Хоттабыч, старик, мне, просто, до отвращения лень –
Обращаться на «вы» к эпохе, как немой погонщик к слепому мерину, –
говорить с современностью её же кнутом!
Слишком многое отложено исповедального – на после похорон, на потом –
когда сварен уже «суп – скотом»!
А эти гривы, эти волны бушующих на ветру тополей –
Во дворе умирающего века – заныривай в них, упадай ввысь поскорей,
Торопись быть в замедленном расцвете купы цветочной,
Звёзды не будут освещать взгляд твой вечно, это уж точно!
Всё завершается, когда кончается взгляд!
Когда нет этого – несказанного, необлучённого, необручённого,
не обречённого на безалаберность в слове,
Взгляда,
Как будто руками перебирая в жирном на цвет плове,
Ищешь сошествие на землю сумерек во столетиях беседок,
Посреди обязательных бюргеров, обознавшихся соседок
Старинного сада Дессау двадцатых годов, вдоль Баухауза,
Всё впопыхах узнаёшь, натыкаешься на непонимание, упираешься,
как в гранитную облицовку упирается волною Яуза;
Нам русло судеб ограничили плоским гранитом!
Но я живу особняком в особняке, знаменитом
Тем, что там нет стен – а у дверей ввысь – нет фурнитуры,
Что-то там всё-таки есть...
Тень от натуры,
запах микстуры?
Что-то обострённое, оголённое, обворожительное до крови и костей,
Избегающее гостей, извивающиеся с лёгкостью акробатки под куполом...
Как!

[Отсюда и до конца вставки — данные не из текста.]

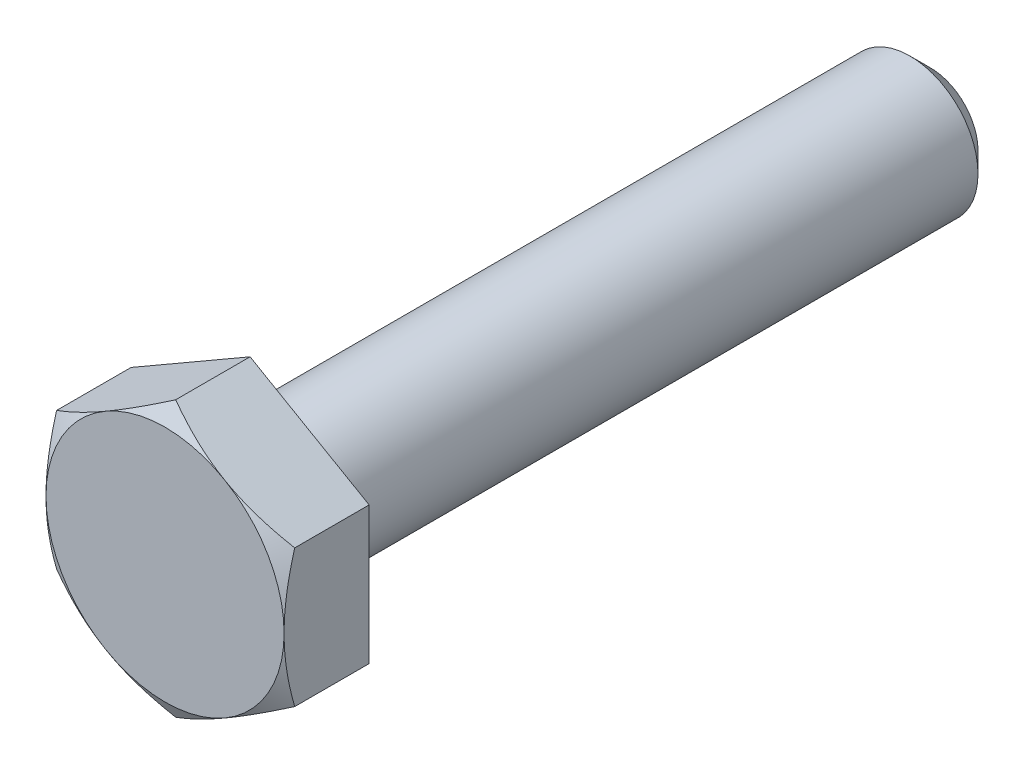
ISO-10303-21;
HEADER;
FILE_DESCRIPTION(('STEP AP214'),'2;1');
FILE_NAME('part.step','',(''),(''),'','','');
FILE_SCHEMA(('AUTOMOTIVE_DESIGN { 1 0 10303 214 1 1 1 1 }'));
ENDSEC;
DATA;
#1=APPLICATION_CONTEXT('core data for automotive mechanical design processes');
#2=APPLICATION_PROTOCOL_DEFINITION('international standard','automotive_design',2000,#1);
#3=PRODUCT_CONTEXT('',#1,'mechanical');
#4=PRODUCT('Part','Part','',(#3));
#5=PRODUCT_RELATED_PRODUCT_CATEGORY('part','',(#4));
#6=PRODUCT_DEFINITION_FORMATION('','',#4);
#7=PRODUCT_DEFINITION_CONTEXT('part definition',#1,'design');
#8=PRODUCT_DEFINITION('design','',#6,#7);
#9=PRODUCT_DEFINITION_SHAPE('','',#8);
#10=(LENGTH_UNIT() NAMED_UNIT(*) SI_UNIT(.MILLI.,.METRE.));
#11=(NAMED_UNIT(*) PLANE_ANGLE_UNIT() SI_UNIT($,.RADIAN.));
#12=(NAMED_UNIT(*) SI_UNIT($,.STERADIAN.) SOLID_ANGLE_UNIT());
#13=UNCERTAINTY_MEASURE_WITH_UNIT(LENGTH_MEASURE(1.E-05),#10,'distance_accuracy_value','');
#14=(GEOMETRIC_REPRESENTATION_CONTEXT(3) GLOBAL_UNCERTAINTY_ASSIGNED_CONTEXT((#13)) GLOBAL_UNIT_ASSIGNED_CONTEXT((#10,
#11,#12)) REPRESENTATION_CONTEXT('',''));
#15=CARTESIAN_POINT('',(0.,0.,0.));
#16=DIRECTION('',(0.,0.,1.));
#17=DIRECTION('',(1.,0.,0.));
#18=AXIS2_PLACEMENT_3D('',#15,#16,#17);
#19=CARTESIAN_POINT('',(0.,6.41580486636972,13.890625));
#20=DIRECTION('',(0.,0.,1.));
#21=DIRECTION('',(1.,0.,0.));
#22=AXIS2_PLACEMENT_3D('',#19,#20,#21);
#23=PLANE('',#22);
#24=CARTESIAN_POINT('',(0.,0.,13.890625));
#25=DIRECTION('',(0.,0.,1.));
#26=DIRECTION('',(1.,0.,0.));
#27=AXIS2_PLACEMENT_3D('',#24,#25,#26);
#28=CIRCLE('',#27,3.175);
#29=CARTESIAN_POINT('',(3.175,0.,13.890625));
#30=VERTEX_POINT('',#29);
#31=EDGE_CURVE('E251',#30,#30,#28,.T.);
#32=ORIENTED_EDGE('',*,*,#31,.T.);
#33=EDGE_LOOP('',(#32));
#34=FACE_BOUND('',#33,.T.);
#35=DIRECTION('',(0.866025403784439,0.5,0.));
#36=VECTOR('',#35,1.);
#37=CARTESIAN_POINT('',(5.55625,-3.20790243318486,13.890625));
#38=LINE('',#37,#36);
#39=CARTESIAN_POINT('',(0.,-6.41580486636972,13.890625));
#40=VERTEX_POINT('',#39);
#41=CARTESIAN_POINT('',(5.55625,-3.20790243318486,13.890625));
#42=VERTEX_POINT('',#41);
#43=EDGE_CURVE('E12',#40,#42,#38,.T.);
#44=ORIENTED_EDGE('',*,*,#43,.F.);
#45=DIRECTION('',(0.866025403784439,-0.5,0.));
#46=VECTOR('',#45,1.);
#47=CARTESIAN_POINT('',(-5.55625,-3.20790243318486,13.890625));
#48=LINE('',#47,#46);
#49=CARTESIAN_POINT('',(-5.55625,-3.20790243318486,13.890625));
#50=VERTEX_POINT('',#49);
#51=EDGE_CURVE('E49',#50,#40,#48,.T.);
#52=ORIENTED_EDGE('',*,*,#51,.F.);
#53=DIRECTION('',(0.,-1.,0.));
#54=VECTOR('',#53,1.);
#55=CARTESIAN_POINT('',(-5.55625,6.41580486636971,13.890625));
#56=LINE('',#55,#54);
#57=CARTESIAN_POINT('',(-5.55625,3.20790243318486,13.890625));
#58=VERTEX_POINT('',#57);
#59=EDGE_CURVE('E135',#58,#50,#56,.T.);
#60=ORIENTED_EDGE('',*,*,#59,.F.);
#61=DIRECTION('',(-0.866025403784439,-0.5,0.));
#62=VECTOR('',#61,1.);
#63=CARTESIAN_POINT('',(0.,6.41580486636972,13.890625));
#64=LINE('',#63,#62);
#65=CARTESIAN_POINT('',(0.,6.41580486636972,13.890625));
#66=VERTEX_POINT('',#65);
#67=EDGE_CURVE('E131',#66,#58,#64,.T.);
#68=ORIENTED_EDGE('',*,*,#67,.F.);
#69=DIRECTION('',(-0.866025403784439,0.5,0.));
#70=VECTOR('',#69,1.);
#71=CARTESIAN_POINT('',(0.,6.41580486636972,13.890625));
#72=LINE('',#71,#70);
#73=CARTESIAN_POINT('',(5.55625,3.20790243318486,13.890625));
#74=VERTEX_POINT('',#73);
#75=EDGE_CURVE('E117',#74,#66,#72,.T.);
#76=ORIENTED_EDGE('',*,*,#75,.F.);
#77=DIRECTION('',(0.,1.,0.));
#78=VECTOR('',#77,1.);
#79=CARTESIAN_POINT('',(5.55624999999999,6.41580486636972,13.890625));
#80=LINE('',#79,#78);
#81=EDGE_CURVE('E109',#42,#74,#80,.T.);
#82=ORIENTED_EDGE('',*,*,#81,.F.);
#83=EDGE_LOOP('',(#44,#52,#60,#68,#76,#82));
#84=FACE_BOUND('',#83,.T.);
#85=ADVANCED_FACE('F40',(#34,#84),#23,.F.);
#86=CARTESIAN_POINT('',(0.,0.,17.859375));
#87=DIRECTION('',(0.,0.,1.));
#88=DIRECTION('',(1.,0.,0.));
#89=AXIS2_PLACEMENT_3D('',#86,#87,#88);
#90=CYLINDRICAL_SURFACE('',#89,3.175);
#91=ORIENTED_EDGE('',*,*,#31,.F.);
#92=EDGE_LOOP('',(#91));
#93=FACE_BOUND('',#92,.T.);
#94=CARTESIAN_POINT('',(0.,0.,-16.906875));
#95=DIRECTION('',(0.,0.,1.));
#96=DIRECTION('',(1.,0.,0.));
#97=AXIS2_PLACEMENT_3D('',#94,#95,#96);
#98=CIRCLE('',#97,3.175);
#99=CARTESIAN_POINT('',(3.175,0.,-16.906875));
#100=VERTEX_POINT('',#99);
#101=EDGE_CURVE('E254',#100,#100,#98,.T.);
#102=ORIENTED_EDGE('',*,*,#101,.T.);
#103=EDGE_LOOP('',(#102));
#104=FACE_BOUND('',#103,.T.);
#105=ADVANCED_FACE('F242',(#93,#104),#90,.T.);
#106=CARTESIAN_POINT('',(0.,0.,-17.859375));
#107=DIRECTION('',(0.,0.,1.));
#108=DIRECTION('',(1.,0.,0.));
#109=AXIS2_PLACEMENT_3D('',#106,#107,#108);
#110=CONICAL_SURFACE('',#109,2.2225,0.785398163397451);
#111=ORIENTED_EDGE('',*,*,#101,.F.);
#112=EDGE_LOOP('',(#111));
#113=FACE_BOUND('',#112,.T.);
#114=CARTESIAN_POINT('',(0.,0.,-17.859375));
#115=DIRECTION('',(0.,0.,1.));
#116=DIRECTION('',(1.,0.,0.));
#117=AXIS2_PLACEMENT_3D('',#114,#115,#116);
#118=CIRCLE('',#117,2.2225);
#119=CARTESIAN_POINT('',(2.2225,0.,-17.859375));
#120=VERTEX_POINT('',#119);
#121=EDGE_CURVE('E261',#120,#120,#118,.T.);
#122=ORIENTED_EDGE('',*,*,#121,.T.);
#123=EDGE_LOOP('',(#122));
#124=FACE_BOUND('',#123,.T.);
#125=ADVANCED_FACE('F247',(#113,#124),#110,.T.);
#126=CARTESIAN_POINT('',(0.,2.2225,-17.859375));
#127=DIRECTION('',(0.,0.,1.));
#128=DIRECTION('',(1.,0.,0.));
#129=AXIS2_PLACEMENT_3D('',#126,#127,#128);
#130=PLANE('',#129);
#131=ORIENTED_EDGE('',*,*,#121,.F.);
#132=EDGE_LOOP('',(#131));
#133=FACE_BOUND('',#132,.T.);
#134=ADVANCED_FACE('F293',(#133),#130,.F.);
#135=CARTESIAN_POINT('',(0.,-6.41580486636972,-17.859375));
#136=DIRECTION('',(0.5,-0.866025403784439,0.));
#137=DIRECTION('',(0.866025403784439,0.5,0.));
#138=AXIS2_PLACEMENT_3D('',#135,#136,#137);
#139=PLANE('',#138);
#140=CARTESIAN_POINT('',(5.55645,-3.20778696313102,17.3630440980518));
#141=CARTESIAN_POINT('',(5.43431700443227,-3.27830048099899,17.4037494396287));
#142=CARTESIAN_POINT('',(5.31172863757364,-3.34907690760433,17.4426074606368));
#143=CARTESIAN_POINT('',(5.06555635055764,-3.49120454378004,17.5161200665754));
#144=CARTESIAN_POINT('',(4.94197202526351,-3.56255598725623,17.5507728381981));
#145=CARTESIAN_POINT('',(4.56924027919934,-3.7777527611819,17.6477431144389));
#146=CARTESIAN_POINT('',(4.3186215488105,-3.92244755263586,17.702898945498));
#147=CARTESIAN_POINT('',(3.94357517172046,-4.13898067940738,17.767576095153));
#148=CARTESIAN_POINT('',(3.82026814788998,-4.21017202280888,17.7860008296374));
#149=CARTESIAN_POINT('',(3.57309692257779,-4.35287639627881,17.8168966337596));
#150=CARTESIAN_POINT('',(3.44923277130254,-4.42438939736051,17.829368229438));
#151=CARTESIAN_POINT('',(3.20128932668299,-4.56753961185542,17.8480399134017));
#152=CARTESIAN_POINT('',(3.07721043832557,-4.63917659144933,17.8542471193166));
#153=CARTESIAN_POINT('',(2.82894487332451,-4.7825127822332,17.8602635825862));
#154=CARTESIAN_POINT('',(2.70475820012895,-4.85421199143242,17.8600730375727));
#155=CARTESIAN_POINT('',(2.3645224374678,-5.05064720059277,17.8507567573071));
#156=CARTESIAN_POINT('',(2.14858470770919,-5.1753189069971,17.8351153403106));
#157=CARTESIAN_POINT('',(1.71814349723526,-5.42383425573453,17.7855150950254));
#158=CARTESIAN_POINT('',(1.50364153044716,-5.54767702400135,17.7515393117333));
#159=CARTESIAN_POINT('',(1.07233397329164,-5.7966925582286,17.6666092499519));
#160=CARTESIAN_POINT('',(0.8555828090919,-5.92183390122649,17.6152951119579));
#161=CARTESIAN_POINT('',(0.425312954659249,-6.17025031750736,17.4988325447076));
#162=CARTESIAN_POINT('',(0.211788753585623,-6.29352857247572,17.4337114741206));
#163=CARTESIAN_POINT('',(-0.000199999999999207,-6.41592033642355,17.3630440980518));
#164=B_SPLINE_CURVE_WITH_KNOTS('',3,(#140,#141,#142,#143,#144,#145,#146,#147,#148,#149,#150,
#151,#152,#153,#154,#155,#156,#157,#158,#159,#160,#161,#162,#163),.UNSPECIFIED.,.F.,.F.,(4,2,2,
2,2,2,2,2,2,2,2,4),(0.,0.44031690826804,0.88082301204082,1.76366572331168,2.19427472390782,
2.62484566732155,3.05492684132791,3.48499472977669,4.23370964386674,4.98311813377592,
5.74914806559356,6.51367405016872),.UNSPECIFIED.);
#165=CARTESIAN_POINT('',(5.55625,-3.20790243318486,17.3631107665182));
#166=VERTEX_POINT('',#165);
#167=CARTESIAN_POINT('',(2.778125,-4.81185364977729,17.859375));
#168=VERTEX_POINT('',#167);
#169=EDGE_CURVE('E285',#166,#168,#164,.T.);
#170=ORIENTED_EDGE('',*,*,#169,.T.);
#171=CARTESIAN_POINT('',(0.,-6.41580486636972,17.3631107665182));
#172=VERTEX_POINT('',#171);
#173=EDGE_CURVE('E154',#168,#172,#164,.T.);
#174=ORIENTED_EDGE('',*,*,#173,.T.);
#175=DIRECTION('',(0.,0.,1.));
#176=VECTOR('',#175,1.);
#177=CARTESIAN_POINT('',(0.,-6.41580486636972,-17.859375));
#178=LINE('',#177,#176);
#179=EDGE_CURVE('E147',#40,#172,#178,.T.);
#180=ORIENTED_EDGE('',*,*,#179,.F.);
#181=ORIENTED_EDGE('',*,*,#43,.T.);
#182=DIRECTION('',(0.,0.,1.));
#183=VECTOR('',#182,1.);
#184=CARTESIAN_POINT('',(5.55625,-3.20790243318486,-17.859375));
#185=LINE('',#184,#183);
#186=EDGE_CURVE('E62',#42,#166,#185,.T.);
#187=ORIENTED_EDGE('',*,*,#186,.T.);
#188=EDGE_LOOP('',(#170,#174,#180,#181,#187));
#189=FACE_BOUND('',#188,.T.);
#190=ADVANCED_FACE('F152',(#189),#139,.T.);
#191=CARTESIAN_POINT('',(-5.55625,-3.20790243318486,-17.859375));
#192=DIRECTION('',(-0.5,-0.866025403784439,0.));
#193=DIRECTION('',(0.866025403784439,-0.5,0.));
#194=AXIS2_PLACEMENT_3D('',#191,#192,#193);
#195=PLANE('',#194);
#196=CARTESIAN_POINT('',(0.000200000000001179,-6.41592033642356,17.3630440980518));
#197=CARTESIAN_POINT('',(-0.121932995567729,-6.34540681855559,17.4037494396287));
#198=CARTESIAN_POINT('',(-0.244521362426351,-6.27463039195025,17.4426074606368));
#199=CARTESIAN_POINT('',(-0.490693649442354,-6.13250275577453,17.5161200665754));
#200=CARTESIAN_POINT('',(-0.614277974736485,-6.06115131229835,17.5507728381981));
#201=CARTESIAN_POINT('',(-0.98700972080066,-5.84595453837268,17.6477431144389));
#202=CARTESIAN_POINT('',(-1.2376284511895,-5.70125974691872,17.702898945498));
#203=CARTESIAN_POINT('',(-1.61267482827954,-5.48472662014719,17.767576095153));
#204=CARTESIAN_POINT('',(-1.73598185211002,-5.41353527674569,17.7860008296374));
#205=CARTESIAN_POINT('',(-1.98315307742221,-5.27083090327577,17.8168966337596));
#206=CARTESIAN_POINT('',(-2.10701722869746,-5.19931790219406,17.829368229438));
#207=CARTESIAN_POINT('',(-2.35496067331701,-5.05616768769916,17.8480399134017));
#208=CARTESIAN_POINT('',(-2.47903956167443,-4.98453070810525,17.8542471193166));
#209=CARTESIAN_POINT('',(-2.72730512667549,-4.84119451732138,17.8602635825862));
#210=CARTESIAN_POINT('',(-2.85149179987105,-4.76949530812216,17.8600730375727));
#211=CARTESIAN_POINT('',(-3.1917275625322,-4.5730600989618,17.8507567573071));
#212=CARTESIAN_POINT('',(-3.4076652922908,-4.44838839255747,17.8351153403106));
#213=CARTESIAN_POINT('',(-3.83810650276474,-4.19987304382004,17.7855150950254));
#214=CARTESIAN_POINT('',(-4.05260846955284,-4.07603027555323,17.7515393117333));
#215=CARTESIAN_POINT('',(-4.48391602670835,-3.82701474132597,17.6666092499519));
#216=CARTESIAN_POINT('',(-4.7006671909081,-3.70187339832809,17.6152951119579));
#217=CARTESIAN_POINT('',(-5.13093704534075,-3.45345698204721,17.4988325447076));
#218=CARTESIAN_POINT('',(-5.34446124641438,-3.33017872707885,17.4337114741206));
#219=CARTESIAN_POINT('',(-5.55645,-3.20778696313102,17.3630440980518));
#220=B_SPLINE_CURVE_WITH_KNOTS('',3,(#196,#197,#198,#199,#200,#201,#202,#203,#204,#205,#206,
#207,#208,#209,#210,#211,#212,#213,#214,#215,#216,#217,#218,#219),.UNSPECIFIED.,.F.,.F.,(4,2,2,
2,2,2,2,2,2,2,2,4),(0.,0.44031690826804,0.880823012040821,1.76366572331169,2.19427472390782,
2.62484566732156,3.05492684132791,3.48499472977669,4.23370964386674,4.98311813377593,
5.74914806559356,6.51367405016872),.UNSPECIFIED.);
#221=CARTESIAN_POINT('',(-2.778125,-4.81185364977729,17.859375));
#222=VERTEX_POINT('',#221);
#223=EDGE_CURVE('E219',#172,#222,#220,.T.);
#224=ORIENTED_EDGE('',*,*,#223,.T.);
#225=CARTESIAN_POINT('',(-5.55625,-3.20790243318486,17.3631107665182));
#226=VERTEX_POINT('',#225);
#227=EDGE_CURVE('E212',#222,#226,#220,.T.);
#228=ORIENTED_EDGE('',*,*,#227,.T.);
#229=DIRECTION('',(0.,0.,1.));
#230=VECTOR('',#229,1.);
#231=CARTESIAN_POINT('',(-5.55625,-3.20790243318486,-17.859375));
#232=LINE('',#231,#230);
#233=EDGE_CURVE('E150',#50,#226,#232,.T.);
#234=ORIENTED_EDGE('',*,*,#233,.F.);
#235=ORIENTED_EDGE('',*,*,#51,.T.);
#236=ORIENTED_EDGE('',*,*,#179,.T.);
#237=EDGE_LOOP('',(#224,#228,#234,#235,#236));
#238=FACE_BOUND('',#237,.T.);
#239=ADVANCED_FACE('F146',(#238),#195,.T.);
#240=CARTESIAN_POINT('',(-5.55625,3.20790243318486,-17.859375));
#241=DIRECTION('',(-1.,0.,0.));
#242=DIRECTION('',(0.,-1.,0.));
#243=AXIS2_PLACEMENT_3D('',#240,#241,#242);
#244=PLANE('',#243);
#245=CARTESIAN_POINT('',(-5.55625,-8.50782999855231,15.2005609936205));
#246=CARTESIAN_POINT('',(-5.55625,-8.26387920468434,15.3184514929563));
#247=CARTESIAN_POINT('',(-5.55625,-8.01935162888936,15.4351700626831));
#248=CARTESIAN_POINT('',(-5.55625,-7.52883105205287,15.6655936631179));
#249=CARTESIAN_POINT('',(-5.55625,-7.28283780620179,15.7792981720652));
#250=CARTESIAN_POINT('',(-5.55625,-6.78774519221883,16.0036229727281));
#251=CARTESIAN_POINT('',(-5.55625,-6.53863610481662,16.1142218911068));
#252=CARTESIAN_POINT('',(-5.55625,-6.03837045835484,16.3306692325657));
#253=CARTESIAN_POINT('',(-5.55625,-5.78721400682891,16.4365179032674));
#254=CARTESIAN_POINT('',(-5.55625,-5.27933633214838,16.6434582414133));
#255=CARTESIAN_POINT('',(-5.55625,-5.02258464571827,16.7444755538777));
#256=CARTESIAN_POINT('',(-5.55625,-4.50605266865306,16.9385984695724));
#257=CARTESIAN_POINT('',(-5.55625,-4.24627204471052,17.0317031925685));
#258=CARTESIAN_POINT('',(-5.55625,-3.72380338071094,17.2074994897849));
#259=CARTESIAN_POINT('',(-5.55625,-3.46112286504275,17.2902132023061));
#260=CARTESIAN_POINT('',(-5.55625,-2.93202476695536,17.4425402423092));
#261=CARTESIAN_POINT('',(-5.55625,-2.66560839507377,17.5121577125998));
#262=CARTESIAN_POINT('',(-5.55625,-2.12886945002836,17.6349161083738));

Вы верите во всё с трибуны сказанное? Глупо вам –
Веровать лбом в пол, переметнитесь от правды к правдоподобию,
Жители одиноко торчащего общежития имени Коминтерна!
Всё сказанное лишь отчасти, от счастья – верно.
Наверно, не будет на лицах печали,
Только если каждый день жить в её сердцевине, в начале
Растворяемого в май окна – в высокий ритм о свободе, в ветер перемен,
Ничего не обещая будням окаянным взамен,
Кроме взгляда, за горизонт мечты жизнь умакнувшего,
Кроме счастья от нагрянувшего – на н е н а з ы в а е м у ю
ипостась н е н а з и д а е м о г о скопом минувшего.